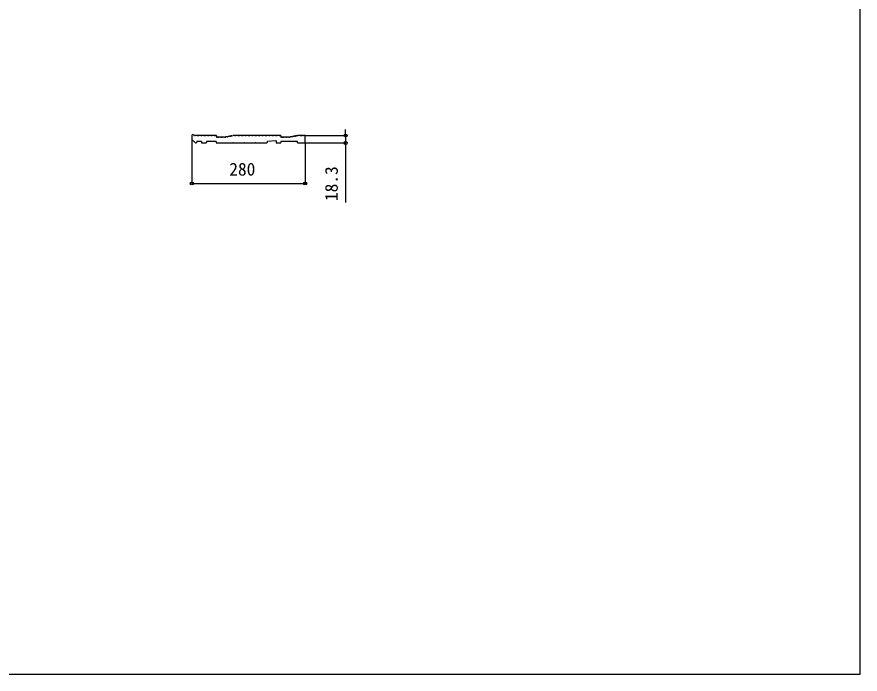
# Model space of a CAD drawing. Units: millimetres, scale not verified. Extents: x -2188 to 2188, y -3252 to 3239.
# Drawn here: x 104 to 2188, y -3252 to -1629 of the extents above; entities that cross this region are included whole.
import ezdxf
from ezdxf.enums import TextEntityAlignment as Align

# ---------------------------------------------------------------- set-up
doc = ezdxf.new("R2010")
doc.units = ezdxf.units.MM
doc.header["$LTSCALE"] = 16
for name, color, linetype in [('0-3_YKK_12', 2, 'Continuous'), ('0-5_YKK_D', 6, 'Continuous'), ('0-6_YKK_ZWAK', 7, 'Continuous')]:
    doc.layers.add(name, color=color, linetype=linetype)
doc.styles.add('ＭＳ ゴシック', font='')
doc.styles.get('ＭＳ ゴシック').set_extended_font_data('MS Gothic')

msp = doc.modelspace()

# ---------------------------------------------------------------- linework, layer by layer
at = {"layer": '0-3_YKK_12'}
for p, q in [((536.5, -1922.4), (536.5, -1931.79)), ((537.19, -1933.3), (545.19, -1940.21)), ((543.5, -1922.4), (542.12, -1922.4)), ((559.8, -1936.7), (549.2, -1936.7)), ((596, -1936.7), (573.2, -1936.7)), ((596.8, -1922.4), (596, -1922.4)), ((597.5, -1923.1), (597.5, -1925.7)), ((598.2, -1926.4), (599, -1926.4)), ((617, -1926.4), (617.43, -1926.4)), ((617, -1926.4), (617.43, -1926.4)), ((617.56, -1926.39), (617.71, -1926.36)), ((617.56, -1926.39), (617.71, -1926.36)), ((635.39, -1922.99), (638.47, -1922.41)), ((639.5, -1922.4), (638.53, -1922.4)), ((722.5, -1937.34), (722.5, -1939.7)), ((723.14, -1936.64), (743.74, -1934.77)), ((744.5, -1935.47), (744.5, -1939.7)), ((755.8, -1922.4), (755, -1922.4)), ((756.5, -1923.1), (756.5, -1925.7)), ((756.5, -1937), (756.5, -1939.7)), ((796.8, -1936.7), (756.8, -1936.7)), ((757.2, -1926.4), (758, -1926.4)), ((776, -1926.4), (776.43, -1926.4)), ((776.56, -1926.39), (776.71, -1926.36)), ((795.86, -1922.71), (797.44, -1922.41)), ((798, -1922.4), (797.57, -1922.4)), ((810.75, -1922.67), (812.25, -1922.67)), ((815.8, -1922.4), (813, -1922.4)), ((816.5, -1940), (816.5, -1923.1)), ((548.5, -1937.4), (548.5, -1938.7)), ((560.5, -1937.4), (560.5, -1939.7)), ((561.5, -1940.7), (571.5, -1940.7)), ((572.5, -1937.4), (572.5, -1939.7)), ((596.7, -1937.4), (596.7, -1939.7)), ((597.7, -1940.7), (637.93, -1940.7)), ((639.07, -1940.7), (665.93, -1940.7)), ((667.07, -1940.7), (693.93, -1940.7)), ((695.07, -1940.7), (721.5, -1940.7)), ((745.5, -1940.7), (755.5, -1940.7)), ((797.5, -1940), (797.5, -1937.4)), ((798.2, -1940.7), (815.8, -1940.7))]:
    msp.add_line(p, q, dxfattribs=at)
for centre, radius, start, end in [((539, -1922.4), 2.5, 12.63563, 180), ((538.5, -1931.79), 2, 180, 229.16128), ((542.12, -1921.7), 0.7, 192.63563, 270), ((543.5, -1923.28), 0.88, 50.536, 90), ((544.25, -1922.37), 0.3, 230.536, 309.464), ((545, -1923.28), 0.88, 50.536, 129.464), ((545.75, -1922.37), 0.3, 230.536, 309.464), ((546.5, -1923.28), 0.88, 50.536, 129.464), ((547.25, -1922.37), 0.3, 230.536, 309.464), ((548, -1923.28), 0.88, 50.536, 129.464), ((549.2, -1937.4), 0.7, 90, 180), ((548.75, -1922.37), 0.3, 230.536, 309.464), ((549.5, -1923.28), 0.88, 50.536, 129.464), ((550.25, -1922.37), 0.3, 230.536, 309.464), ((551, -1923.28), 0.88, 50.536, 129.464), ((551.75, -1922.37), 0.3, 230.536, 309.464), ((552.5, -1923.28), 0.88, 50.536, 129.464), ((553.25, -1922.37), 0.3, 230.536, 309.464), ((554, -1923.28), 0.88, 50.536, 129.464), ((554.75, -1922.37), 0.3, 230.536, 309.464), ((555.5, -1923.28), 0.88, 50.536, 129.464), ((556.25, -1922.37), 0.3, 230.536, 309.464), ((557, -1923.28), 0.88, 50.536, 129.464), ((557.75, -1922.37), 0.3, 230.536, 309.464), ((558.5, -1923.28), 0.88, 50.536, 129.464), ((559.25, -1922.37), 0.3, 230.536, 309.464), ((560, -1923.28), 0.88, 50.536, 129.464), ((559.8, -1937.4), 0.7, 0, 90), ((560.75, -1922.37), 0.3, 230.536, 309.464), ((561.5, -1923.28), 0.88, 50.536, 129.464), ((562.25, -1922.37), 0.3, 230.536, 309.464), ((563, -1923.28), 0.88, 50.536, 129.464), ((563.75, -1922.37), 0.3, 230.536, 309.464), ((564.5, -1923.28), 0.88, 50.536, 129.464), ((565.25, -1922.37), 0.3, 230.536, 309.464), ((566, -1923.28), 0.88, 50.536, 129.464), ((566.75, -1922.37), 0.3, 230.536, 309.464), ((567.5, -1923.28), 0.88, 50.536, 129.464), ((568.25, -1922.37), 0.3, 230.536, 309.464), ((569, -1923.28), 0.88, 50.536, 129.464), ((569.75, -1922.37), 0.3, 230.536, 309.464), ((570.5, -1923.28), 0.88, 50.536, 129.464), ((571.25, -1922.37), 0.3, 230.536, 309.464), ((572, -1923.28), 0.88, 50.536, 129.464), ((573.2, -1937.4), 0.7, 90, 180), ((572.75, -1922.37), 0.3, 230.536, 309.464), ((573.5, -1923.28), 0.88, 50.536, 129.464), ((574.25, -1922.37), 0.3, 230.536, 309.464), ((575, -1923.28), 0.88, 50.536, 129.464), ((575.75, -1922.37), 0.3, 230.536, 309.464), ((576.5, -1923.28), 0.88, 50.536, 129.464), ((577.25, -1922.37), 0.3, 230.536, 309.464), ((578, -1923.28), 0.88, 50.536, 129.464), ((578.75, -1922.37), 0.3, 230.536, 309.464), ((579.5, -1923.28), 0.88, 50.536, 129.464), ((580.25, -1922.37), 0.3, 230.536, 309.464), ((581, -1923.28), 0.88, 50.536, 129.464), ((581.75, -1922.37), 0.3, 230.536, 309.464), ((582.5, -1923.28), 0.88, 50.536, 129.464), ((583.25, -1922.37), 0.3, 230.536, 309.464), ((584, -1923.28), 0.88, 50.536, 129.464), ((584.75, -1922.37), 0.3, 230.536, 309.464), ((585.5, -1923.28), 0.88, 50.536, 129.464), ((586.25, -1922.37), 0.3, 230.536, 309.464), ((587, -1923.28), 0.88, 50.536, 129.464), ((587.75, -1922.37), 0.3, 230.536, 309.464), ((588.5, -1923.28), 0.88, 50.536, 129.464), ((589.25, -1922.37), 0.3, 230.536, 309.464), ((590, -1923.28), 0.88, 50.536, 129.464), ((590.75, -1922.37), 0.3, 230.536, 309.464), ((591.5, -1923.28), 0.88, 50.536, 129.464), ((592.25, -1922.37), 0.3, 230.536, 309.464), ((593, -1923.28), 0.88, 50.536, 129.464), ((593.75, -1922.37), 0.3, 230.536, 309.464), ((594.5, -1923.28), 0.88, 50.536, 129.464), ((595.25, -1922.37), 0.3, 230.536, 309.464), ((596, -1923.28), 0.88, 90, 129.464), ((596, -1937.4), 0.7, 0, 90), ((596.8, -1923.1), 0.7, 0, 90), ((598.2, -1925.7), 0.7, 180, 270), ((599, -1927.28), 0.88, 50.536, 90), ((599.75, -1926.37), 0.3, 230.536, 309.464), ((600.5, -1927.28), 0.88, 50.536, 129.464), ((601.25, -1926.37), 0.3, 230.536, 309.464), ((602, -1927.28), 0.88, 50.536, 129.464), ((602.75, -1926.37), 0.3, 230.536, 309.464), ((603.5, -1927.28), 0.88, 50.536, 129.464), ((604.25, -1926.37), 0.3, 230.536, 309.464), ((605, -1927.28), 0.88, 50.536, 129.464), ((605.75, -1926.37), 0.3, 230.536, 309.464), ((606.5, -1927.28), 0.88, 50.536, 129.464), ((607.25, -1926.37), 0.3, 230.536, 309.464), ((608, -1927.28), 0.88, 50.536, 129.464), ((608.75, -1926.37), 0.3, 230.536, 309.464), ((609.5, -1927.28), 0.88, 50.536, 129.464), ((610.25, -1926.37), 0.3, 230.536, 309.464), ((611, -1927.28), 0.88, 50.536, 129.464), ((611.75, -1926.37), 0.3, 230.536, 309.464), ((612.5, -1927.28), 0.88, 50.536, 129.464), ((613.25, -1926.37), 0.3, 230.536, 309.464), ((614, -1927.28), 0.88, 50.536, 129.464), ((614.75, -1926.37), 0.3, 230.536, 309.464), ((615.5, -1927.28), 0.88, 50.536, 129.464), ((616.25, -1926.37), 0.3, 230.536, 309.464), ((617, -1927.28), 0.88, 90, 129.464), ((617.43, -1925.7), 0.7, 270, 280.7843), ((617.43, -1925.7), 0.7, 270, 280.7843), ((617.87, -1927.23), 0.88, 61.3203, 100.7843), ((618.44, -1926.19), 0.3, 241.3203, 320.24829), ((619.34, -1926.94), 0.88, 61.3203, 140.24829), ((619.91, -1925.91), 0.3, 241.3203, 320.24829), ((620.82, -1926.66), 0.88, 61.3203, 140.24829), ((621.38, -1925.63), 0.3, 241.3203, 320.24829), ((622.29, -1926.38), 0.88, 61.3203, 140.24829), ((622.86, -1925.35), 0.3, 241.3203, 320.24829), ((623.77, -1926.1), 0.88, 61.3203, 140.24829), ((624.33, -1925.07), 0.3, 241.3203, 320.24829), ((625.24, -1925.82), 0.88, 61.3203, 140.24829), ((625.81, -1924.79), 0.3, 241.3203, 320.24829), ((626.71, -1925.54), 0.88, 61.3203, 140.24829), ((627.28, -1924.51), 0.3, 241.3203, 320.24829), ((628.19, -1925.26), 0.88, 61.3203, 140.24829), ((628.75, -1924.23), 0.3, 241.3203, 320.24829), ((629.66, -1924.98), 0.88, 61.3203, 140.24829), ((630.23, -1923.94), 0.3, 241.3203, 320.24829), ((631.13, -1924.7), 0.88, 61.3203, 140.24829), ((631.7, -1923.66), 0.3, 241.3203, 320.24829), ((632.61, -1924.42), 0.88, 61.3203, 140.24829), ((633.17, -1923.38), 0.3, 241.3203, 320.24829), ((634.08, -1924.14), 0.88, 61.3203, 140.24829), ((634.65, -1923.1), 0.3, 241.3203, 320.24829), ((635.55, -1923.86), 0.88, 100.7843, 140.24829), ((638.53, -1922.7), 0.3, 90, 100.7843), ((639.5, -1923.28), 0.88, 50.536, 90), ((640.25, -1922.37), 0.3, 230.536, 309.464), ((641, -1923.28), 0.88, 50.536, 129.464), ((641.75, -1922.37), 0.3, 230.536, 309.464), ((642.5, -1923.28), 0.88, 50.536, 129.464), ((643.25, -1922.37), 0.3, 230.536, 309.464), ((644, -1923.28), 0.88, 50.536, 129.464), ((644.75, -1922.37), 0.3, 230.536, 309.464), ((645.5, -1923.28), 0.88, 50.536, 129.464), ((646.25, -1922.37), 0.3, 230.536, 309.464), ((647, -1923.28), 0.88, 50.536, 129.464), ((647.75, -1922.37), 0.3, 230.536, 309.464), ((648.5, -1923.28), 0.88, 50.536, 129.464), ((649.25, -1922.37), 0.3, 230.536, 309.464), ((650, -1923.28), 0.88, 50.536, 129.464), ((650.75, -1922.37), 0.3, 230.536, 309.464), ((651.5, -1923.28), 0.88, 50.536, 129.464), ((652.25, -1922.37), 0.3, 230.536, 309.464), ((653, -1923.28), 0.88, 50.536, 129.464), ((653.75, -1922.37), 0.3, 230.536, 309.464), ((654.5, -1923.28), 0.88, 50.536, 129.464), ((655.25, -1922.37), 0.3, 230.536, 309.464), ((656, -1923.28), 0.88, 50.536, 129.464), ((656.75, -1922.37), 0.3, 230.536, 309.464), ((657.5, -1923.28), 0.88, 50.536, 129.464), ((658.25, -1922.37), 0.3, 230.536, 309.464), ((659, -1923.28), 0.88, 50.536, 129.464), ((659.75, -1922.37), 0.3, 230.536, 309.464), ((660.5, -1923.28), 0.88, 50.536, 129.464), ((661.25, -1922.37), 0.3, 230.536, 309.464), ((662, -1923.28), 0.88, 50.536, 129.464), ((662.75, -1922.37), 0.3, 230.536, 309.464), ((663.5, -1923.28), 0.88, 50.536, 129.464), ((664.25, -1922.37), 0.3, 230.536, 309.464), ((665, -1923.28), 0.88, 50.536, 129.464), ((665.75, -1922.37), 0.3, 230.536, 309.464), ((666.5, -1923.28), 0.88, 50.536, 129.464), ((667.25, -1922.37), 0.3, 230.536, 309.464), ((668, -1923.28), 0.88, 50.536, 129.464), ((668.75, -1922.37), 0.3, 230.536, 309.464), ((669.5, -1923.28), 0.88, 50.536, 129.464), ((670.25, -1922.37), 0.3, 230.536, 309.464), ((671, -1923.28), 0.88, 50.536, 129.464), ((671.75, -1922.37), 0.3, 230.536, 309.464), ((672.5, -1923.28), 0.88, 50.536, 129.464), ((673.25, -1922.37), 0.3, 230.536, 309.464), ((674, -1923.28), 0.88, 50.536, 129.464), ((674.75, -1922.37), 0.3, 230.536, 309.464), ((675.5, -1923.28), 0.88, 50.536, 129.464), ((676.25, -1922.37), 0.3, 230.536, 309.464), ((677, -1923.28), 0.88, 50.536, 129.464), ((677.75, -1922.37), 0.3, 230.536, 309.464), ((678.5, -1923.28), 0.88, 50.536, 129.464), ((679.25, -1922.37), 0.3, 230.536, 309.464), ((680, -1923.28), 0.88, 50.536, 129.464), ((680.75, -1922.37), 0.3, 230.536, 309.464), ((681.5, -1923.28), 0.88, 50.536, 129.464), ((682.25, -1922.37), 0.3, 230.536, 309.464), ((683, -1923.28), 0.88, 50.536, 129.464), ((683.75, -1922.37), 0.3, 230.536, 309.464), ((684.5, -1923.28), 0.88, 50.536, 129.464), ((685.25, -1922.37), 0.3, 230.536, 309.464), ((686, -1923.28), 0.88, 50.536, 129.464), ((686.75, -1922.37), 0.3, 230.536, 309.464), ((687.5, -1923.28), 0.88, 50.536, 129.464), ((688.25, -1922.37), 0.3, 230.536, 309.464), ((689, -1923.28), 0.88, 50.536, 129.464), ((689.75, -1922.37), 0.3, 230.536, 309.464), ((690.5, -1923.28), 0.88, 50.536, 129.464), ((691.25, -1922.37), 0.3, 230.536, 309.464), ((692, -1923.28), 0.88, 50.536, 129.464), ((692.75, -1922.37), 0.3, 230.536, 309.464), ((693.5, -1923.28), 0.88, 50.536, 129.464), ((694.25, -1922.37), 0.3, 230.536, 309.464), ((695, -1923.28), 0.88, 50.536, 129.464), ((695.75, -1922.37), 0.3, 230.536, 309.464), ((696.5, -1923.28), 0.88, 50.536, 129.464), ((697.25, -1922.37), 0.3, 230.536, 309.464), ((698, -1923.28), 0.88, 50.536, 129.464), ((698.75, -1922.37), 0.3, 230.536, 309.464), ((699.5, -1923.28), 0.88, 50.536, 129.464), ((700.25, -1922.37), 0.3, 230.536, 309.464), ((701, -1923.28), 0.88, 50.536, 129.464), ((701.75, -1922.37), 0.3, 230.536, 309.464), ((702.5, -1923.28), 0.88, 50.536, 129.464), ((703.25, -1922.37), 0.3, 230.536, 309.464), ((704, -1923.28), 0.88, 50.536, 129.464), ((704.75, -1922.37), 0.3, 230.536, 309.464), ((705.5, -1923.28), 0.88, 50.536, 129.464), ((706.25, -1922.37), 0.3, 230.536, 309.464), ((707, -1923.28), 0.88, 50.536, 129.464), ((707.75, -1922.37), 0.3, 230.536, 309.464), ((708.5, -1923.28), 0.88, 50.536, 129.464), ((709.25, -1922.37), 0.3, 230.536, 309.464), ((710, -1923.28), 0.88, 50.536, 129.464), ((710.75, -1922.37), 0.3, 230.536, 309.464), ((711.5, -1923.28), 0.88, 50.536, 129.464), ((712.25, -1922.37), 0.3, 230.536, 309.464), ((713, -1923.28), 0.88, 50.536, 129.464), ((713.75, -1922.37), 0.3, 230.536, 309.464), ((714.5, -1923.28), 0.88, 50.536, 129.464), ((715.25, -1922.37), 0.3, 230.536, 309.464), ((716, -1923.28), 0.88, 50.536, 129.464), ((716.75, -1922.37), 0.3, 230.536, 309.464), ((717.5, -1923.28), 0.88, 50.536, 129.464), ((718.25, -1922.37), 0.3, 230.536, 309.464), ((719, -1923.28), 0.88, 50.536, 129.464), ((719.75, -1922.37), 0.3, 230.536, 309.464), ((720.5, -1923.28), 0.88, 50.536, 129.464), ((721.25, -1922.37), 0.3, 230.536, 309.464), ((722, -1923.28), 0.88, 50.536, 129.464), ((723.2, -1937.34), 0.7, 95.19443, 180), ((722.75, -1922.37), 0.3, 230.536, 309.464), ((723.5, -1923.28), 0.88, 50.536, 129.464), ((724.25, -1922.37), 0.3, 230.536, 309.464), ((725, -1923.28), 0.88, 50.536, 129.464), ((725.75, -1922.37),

****************************************

* [Task requirements]: Please return exactly the lines above, from where the listing starts to the line holding "from ezdxf.enums import", inclusive, with the pictures omitted.

* [Solution]:
# Model space of a CAD drawing. Units: millimetres, scale not verified. Extents: x -2188 to 2188, y -3252 to 3239.
# Drawn here: x 104 to 2188, y -3252 to -1629 of the extents above; entities that cross this region are included whole.
import ezdxf
from ezdxf.enums import TextEntityAlignment as Align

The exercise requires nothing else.